[Stored data entries]
#####
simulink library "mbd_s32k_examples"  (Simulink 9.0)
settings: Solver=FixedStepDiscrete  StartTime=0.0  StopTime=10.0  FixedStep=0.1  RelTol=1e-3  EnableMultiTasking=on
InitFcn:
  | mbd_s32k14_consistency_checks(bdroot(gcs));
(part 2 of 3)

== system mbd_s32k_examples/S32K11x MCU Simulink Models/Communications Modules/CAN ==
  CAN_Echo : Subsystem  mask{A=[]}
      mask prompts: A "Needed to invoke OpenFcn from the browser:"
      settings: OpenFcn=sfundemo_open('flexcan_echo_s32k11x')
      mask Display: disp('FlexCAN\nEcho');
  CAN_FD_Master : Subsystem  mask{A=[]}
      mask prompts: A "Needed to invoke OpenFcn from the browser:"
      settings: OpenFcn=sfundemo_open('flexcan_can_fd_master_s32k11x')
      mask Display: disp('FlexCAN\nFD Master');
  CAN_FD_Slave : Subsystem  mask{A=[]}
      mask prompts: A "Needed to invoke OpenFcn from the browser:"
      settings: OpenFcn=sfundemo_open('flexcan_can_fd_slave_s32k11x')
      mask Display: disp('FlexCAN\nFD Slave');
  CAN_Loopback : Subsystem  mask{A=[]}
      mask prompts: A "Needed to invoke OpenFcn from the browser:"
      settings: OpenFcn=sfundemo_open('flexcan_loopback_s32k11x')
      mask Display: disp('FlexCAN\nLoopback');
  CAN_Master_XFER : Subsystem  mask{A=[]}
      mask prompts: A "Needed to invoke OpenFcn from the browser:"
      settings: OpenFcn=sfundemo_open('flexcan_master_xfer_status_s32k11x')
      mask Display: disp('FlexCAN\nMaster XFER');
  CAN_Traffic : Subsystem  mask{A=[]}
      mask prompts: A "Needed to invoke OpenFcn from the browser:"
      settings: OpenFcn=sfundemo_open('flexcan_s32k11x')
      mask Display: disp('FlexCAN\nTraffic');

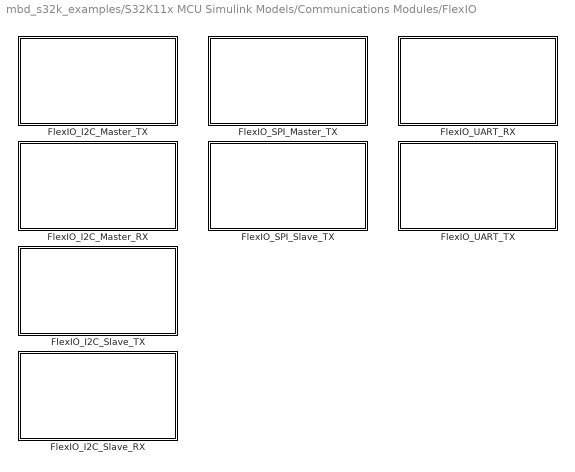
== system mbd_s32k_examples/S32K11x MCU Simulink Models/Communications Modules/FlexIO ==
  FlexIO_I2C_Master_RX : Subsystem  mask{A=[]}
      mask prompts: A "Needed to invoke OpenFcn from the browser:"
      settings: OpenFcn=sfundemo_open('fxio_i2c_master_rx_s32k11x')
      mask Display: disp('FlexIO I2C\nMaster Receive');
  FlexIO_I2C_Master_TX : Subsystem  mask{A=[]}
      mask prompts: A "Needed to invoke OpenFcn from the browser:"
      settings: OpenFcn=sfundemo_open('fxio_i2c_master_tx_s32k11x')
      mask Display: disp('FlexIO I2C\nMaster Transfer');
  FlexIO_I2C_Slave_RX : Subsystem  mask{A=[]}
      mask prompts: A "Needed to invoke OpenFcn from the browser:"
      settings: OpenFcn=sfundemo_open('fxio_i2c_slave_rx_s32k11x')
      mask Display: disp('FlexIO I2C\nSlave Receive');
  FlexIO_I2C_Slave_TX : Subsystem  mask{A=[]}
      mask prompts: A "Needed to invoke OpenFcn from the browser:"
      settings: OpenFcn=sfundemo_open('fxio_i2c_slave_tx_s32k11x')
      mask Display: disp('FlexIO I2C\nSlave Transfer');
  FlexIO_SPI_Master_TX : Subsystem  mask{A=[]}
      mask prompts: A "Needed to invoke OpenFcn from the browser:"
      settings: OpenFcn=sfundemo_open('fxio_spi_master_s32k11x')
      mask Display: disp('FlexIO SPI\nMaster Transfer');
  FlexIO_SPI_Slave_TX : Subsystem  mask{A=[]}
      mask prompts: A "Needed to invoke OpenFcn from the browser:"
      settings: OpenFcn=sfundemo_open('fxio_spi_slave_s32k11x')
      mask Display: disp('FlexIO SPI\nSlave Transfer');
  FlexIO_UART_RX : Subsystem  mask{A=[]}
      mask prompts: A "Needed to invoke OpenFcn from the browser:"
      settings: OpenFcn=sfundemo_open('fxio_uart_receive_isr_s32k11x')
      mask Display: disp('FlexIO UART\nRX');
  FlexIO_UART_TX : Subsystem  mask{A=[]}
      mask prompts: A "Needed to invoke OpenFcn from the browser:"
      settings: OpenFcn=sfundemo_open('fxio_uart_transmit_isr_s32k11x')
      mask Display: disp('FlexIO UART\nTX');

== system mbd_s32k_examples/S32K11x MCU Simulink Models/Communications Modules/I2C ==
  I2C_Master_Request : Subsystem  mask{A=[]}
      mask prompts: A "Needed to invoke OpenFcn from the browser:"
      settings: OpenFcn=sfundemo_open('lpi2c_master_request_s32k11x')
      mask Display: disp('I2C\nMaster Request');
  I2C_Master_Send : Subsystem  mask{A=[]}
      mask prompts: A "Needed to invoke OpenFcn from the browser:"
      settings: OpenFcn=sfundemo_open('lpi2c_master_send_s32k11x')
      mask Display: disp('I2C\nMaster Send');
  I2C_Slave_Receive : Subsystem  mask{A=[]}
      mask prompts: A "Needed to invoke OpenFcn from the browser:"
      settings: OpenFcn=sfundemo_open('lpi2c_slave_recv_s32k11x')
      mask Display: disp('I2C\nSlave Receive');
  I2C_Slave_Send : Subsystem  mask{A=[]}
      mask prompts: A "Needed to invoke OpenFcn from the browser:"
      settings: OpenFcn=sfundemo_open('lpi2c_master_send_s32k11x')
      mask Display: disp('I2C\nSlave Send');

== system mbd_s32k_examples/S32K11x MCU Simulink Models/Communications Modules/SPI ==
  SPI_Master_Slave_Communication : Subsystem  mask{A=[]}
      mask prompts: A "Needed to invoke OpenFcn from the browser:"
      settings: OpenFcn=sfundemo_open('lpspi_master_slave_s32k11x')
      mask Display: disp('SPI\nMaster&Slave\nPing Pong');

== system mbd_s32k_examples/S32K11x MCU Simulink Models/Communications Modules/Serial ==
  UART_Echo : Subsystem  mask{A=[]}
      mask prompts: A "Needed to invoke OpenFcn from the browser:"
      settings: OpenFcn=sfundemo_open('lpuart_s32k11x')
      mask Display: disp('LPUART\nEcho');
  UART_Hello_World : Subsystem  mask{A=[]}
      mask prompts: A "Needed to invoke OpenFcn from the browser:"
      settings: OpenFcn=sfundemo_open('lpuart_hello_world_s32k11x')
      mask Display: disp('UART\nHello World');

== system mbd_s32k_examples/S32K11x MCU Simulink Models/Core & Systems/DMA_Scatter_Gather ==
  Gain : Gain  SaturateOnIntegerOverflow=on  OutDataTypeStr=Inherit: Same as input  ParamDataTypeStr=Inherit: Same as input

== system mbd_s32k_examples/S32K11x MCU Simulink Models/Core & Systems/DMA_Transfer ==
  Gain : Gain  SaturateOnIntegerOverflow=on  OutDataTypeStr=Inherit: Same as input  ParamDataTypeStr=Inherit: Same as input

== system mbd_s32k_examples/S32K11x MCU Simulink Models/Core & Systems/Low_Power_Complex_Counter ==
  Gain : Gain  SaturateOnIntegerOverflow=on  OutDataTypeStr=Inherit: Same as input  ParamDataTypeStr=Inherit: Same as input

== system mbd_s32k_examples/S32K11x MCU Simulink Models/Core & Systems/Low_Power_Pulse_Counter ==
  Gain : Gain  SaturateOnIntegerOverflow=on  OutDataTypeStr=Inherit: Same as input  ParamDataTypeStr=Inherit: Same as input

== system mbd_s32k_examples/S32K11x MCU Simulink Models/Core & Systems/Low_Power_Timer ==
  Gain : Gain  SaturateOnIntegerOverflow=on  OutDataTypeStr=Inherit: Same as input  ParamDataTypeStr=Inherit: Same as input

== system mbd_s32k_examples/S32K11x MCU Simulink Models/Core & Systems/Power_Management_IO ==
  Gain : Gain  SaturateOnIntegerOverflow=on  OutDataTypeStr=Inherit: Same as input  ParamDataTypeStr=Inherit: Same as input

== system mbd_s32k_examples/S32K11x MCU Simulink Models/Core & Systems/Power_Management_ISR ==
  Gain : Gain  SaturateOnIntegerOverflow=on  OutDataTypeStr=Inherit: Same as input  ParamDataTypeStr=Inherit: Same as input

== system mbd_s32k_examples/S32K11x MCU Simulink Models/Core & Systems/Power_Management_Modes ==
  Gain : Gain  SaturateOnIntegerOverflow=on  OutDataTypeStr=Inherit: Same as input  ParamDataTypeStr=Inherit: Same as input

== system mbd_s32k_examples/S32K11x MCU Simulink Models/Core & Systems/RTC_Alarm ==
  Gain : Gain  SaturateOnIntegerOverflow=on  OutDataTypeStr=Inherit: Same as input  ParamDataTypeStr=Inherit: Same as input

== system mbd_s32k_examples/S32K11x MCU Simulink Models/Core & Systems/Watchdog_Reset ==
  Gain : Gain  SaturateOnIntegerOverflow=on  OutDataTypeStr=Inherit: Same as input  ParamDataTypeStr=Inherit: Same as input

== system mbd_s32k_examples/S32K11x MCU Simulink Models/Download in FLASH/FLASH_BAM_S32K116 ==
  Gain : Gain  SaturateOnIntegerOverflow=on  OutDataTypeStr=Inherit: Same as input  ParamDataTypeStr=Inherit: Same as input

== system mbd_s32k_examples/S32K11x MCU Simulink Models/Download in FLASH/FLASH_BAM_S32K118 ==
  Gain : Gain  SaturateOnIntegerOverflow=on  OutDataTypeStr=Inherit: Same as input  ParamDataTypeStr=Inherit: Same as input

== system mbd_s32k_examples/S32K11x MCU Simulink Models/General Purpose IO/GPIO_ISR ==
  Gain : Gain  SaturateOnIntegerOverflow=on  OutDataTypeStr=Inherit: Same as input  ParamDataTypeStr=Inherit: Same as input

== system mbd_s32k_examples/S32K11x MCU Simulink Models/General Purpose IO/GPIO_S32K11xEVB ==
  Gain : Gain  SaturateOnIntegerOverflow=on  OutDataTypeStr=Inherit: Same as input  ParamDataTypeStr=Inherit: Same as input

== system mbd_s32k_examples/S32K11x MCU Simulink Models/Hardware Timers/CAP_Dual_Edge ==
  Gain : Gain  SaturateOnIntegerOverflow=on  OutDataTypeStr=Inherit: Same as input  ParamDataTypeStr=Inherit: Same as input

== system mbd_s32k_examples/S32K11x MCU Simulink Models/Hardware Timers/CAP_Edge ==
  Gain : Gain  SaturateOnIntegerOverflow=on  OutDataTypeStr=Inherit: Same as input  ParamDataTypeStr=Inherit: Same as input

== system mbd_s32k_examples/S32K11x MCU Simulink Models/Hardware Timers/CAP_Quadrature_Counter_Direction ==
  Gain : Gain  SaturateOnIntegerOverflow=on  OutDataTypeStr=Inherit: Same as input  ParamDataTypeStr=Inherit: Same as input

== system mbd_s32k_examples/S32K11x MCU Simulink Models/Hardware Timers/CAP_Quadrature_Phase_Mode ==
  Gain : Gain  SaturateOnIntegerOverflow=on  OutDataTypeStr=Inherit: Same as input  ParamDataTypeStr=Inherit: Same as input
#####
**What you need to do**
Retype exactly the lines of the data above that fall between the line with "I2C_Master_Request : Subsystem" and the line with "settings: OpenFcn=sfundemo_open('lpi2c_slave_recv_s32k11x')", inclusive, and add nothing.

**Expected output**
  I2C_Master_Request : Subsystem  mask{A=[]}
      mask prompts: A "Needed to invoke OpenFcn from the browser:"
      settings: OpenFcn=sfundemo_open('lpi2c_master_request_s32k11x')
      mask Display: disp('I2C\nMaster Request');
  I2C_Master_Send : Subsystem  mask{A=[]}
      mask prompts: A "Needed to invoke OpenFcn from the browser:"
      settings: OpenFcn=sfundemo_open('lpi2c_master_send_s32k11x')
      mask Display: disp('I2C\nMaster Send');
  I2C_Slave_Receive : Subsystem  mask{A=[]}
      mask prompts: A "Needed to invoke OpenFcn from the browser:"
      settings: OpenFcn=sfundemo_open('lpi2c_slave_recv_s32k11x')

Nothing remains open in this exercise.